Work to complete -> Below are records; say how many of their lines include the word "pattern", giving nothing but the number.

(The data begins)

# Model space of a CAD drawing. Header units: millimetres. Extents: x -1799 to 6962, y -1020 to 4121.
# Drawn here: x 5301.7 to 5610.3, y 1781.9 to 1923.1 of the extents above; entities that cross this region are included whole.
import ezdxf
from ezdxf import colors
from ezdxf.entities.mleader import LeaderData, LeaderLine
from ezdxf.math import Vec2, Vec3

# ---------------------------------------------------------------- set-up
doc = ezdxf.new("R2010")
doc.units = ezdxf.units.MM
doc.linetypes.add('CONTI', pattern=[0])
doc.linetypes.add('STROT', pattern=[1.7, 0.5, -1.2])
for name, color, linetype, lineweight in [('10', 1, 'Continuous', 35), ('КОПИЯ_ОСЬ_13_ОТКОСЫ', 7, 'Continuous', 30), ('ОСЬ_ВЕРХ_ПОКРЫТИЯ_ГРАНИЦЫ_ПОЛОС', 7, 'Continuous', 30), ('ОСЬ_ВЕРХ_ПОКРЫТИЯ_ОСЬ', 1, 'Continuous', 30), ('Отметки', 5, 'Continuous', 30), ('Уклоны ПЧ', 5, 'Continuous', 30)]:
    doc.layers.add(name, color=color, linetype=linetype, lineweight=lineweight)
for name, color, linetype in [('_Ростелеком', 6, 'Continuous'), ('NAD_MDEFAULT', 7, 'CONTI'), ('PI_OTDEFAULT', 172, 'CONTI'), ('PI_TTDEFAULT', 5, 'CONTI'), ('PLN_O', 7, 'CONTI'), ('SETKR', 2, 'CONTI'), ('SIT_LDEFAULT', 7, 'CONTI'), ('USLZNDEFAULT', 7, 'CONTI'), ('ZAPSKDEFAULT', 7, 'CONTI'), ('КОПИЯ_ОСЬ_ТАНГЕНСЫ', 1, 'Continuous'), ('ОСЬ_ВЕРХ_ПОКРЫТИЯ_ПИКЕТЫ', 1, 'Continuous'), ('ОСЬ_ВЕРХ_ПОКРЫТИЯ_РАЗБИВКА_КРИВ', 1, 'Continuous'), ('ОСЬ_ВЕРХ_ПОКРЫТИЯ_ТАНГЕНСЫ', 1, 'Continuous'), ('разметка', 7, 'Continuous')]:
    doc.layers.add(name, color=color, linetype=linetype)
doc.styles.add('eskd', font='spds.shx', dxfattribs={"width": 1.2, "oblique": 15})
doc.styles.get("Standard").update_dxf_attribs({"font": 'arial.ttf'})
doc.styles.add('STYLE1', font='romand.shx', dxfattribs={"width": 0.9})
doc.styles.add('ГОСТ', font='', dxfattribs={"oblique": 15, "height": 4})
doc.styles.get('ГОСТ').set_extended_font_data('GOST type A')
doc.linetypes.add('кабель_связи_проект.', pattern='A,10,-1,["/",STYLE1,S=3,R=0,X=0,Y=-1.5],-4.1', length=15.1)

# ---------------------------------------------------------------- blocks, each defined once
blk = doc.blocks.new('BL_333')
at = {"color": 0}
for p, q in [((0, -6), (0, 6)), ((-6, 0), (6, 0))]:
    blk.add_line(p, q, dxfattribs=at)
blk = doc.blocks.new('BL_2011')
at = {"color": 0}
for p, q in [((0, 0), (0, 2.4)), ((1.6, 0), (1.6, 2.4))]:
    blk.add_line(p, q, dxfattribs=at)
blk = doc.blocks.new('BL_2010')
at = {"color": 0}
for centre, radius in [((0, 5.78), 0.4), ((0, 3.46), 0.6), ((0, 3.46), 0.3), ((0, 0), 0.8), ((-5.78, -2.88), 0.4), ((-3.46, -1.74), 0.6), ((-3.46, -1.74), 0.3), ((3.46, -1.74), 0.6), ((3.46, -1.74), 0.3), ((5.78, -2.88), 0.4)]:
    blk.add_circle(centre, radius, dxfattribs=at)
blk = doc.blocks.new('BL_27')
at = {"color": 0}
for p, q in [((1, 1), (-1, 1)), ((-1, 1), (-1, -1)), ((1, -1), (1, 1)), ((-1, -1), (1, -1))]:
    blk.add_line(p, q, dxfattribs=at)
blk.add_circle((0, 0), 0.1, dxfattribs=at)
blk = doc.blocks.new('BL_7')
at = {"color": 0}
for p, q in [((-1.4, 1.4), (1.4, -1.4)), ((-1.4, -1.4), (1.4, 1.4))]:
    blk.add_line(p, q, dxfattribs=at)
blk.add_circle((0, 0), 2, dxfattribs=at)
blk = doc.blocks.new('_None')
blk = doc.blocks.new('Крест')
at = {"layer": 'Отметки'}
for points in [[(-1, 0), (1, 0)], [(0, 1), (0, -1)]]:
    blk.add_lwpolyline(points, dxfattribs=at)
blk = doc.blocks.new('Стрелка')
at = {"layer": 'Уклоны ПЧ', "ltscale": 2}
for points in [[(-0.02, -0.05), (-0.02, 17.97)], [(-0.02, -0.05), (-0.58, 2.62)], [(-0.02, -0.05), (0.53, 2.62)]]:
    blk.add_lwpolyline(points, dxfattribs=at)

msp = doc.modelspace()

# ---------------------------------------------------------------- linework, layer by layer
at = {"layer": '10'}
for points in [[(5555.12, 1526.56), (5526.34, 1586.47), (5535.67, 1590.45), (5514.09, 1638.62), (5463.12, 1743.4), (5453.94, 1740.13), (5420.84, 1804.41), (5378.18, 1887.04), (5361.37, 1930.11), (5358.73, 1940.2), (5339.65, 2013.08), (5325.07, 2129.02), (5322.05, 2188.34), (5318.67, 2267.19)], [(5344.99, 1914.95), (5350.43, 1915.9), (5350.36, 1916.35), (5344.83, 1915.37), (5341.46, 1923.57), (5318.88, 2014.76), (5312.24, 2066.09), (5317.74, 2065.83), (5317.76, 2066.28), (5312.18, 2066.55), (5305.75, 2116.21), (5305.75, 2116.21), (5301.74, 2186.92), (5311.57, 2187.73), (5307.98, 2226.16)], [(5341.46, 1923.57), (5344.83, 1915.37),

(The data ends)

Result -> 3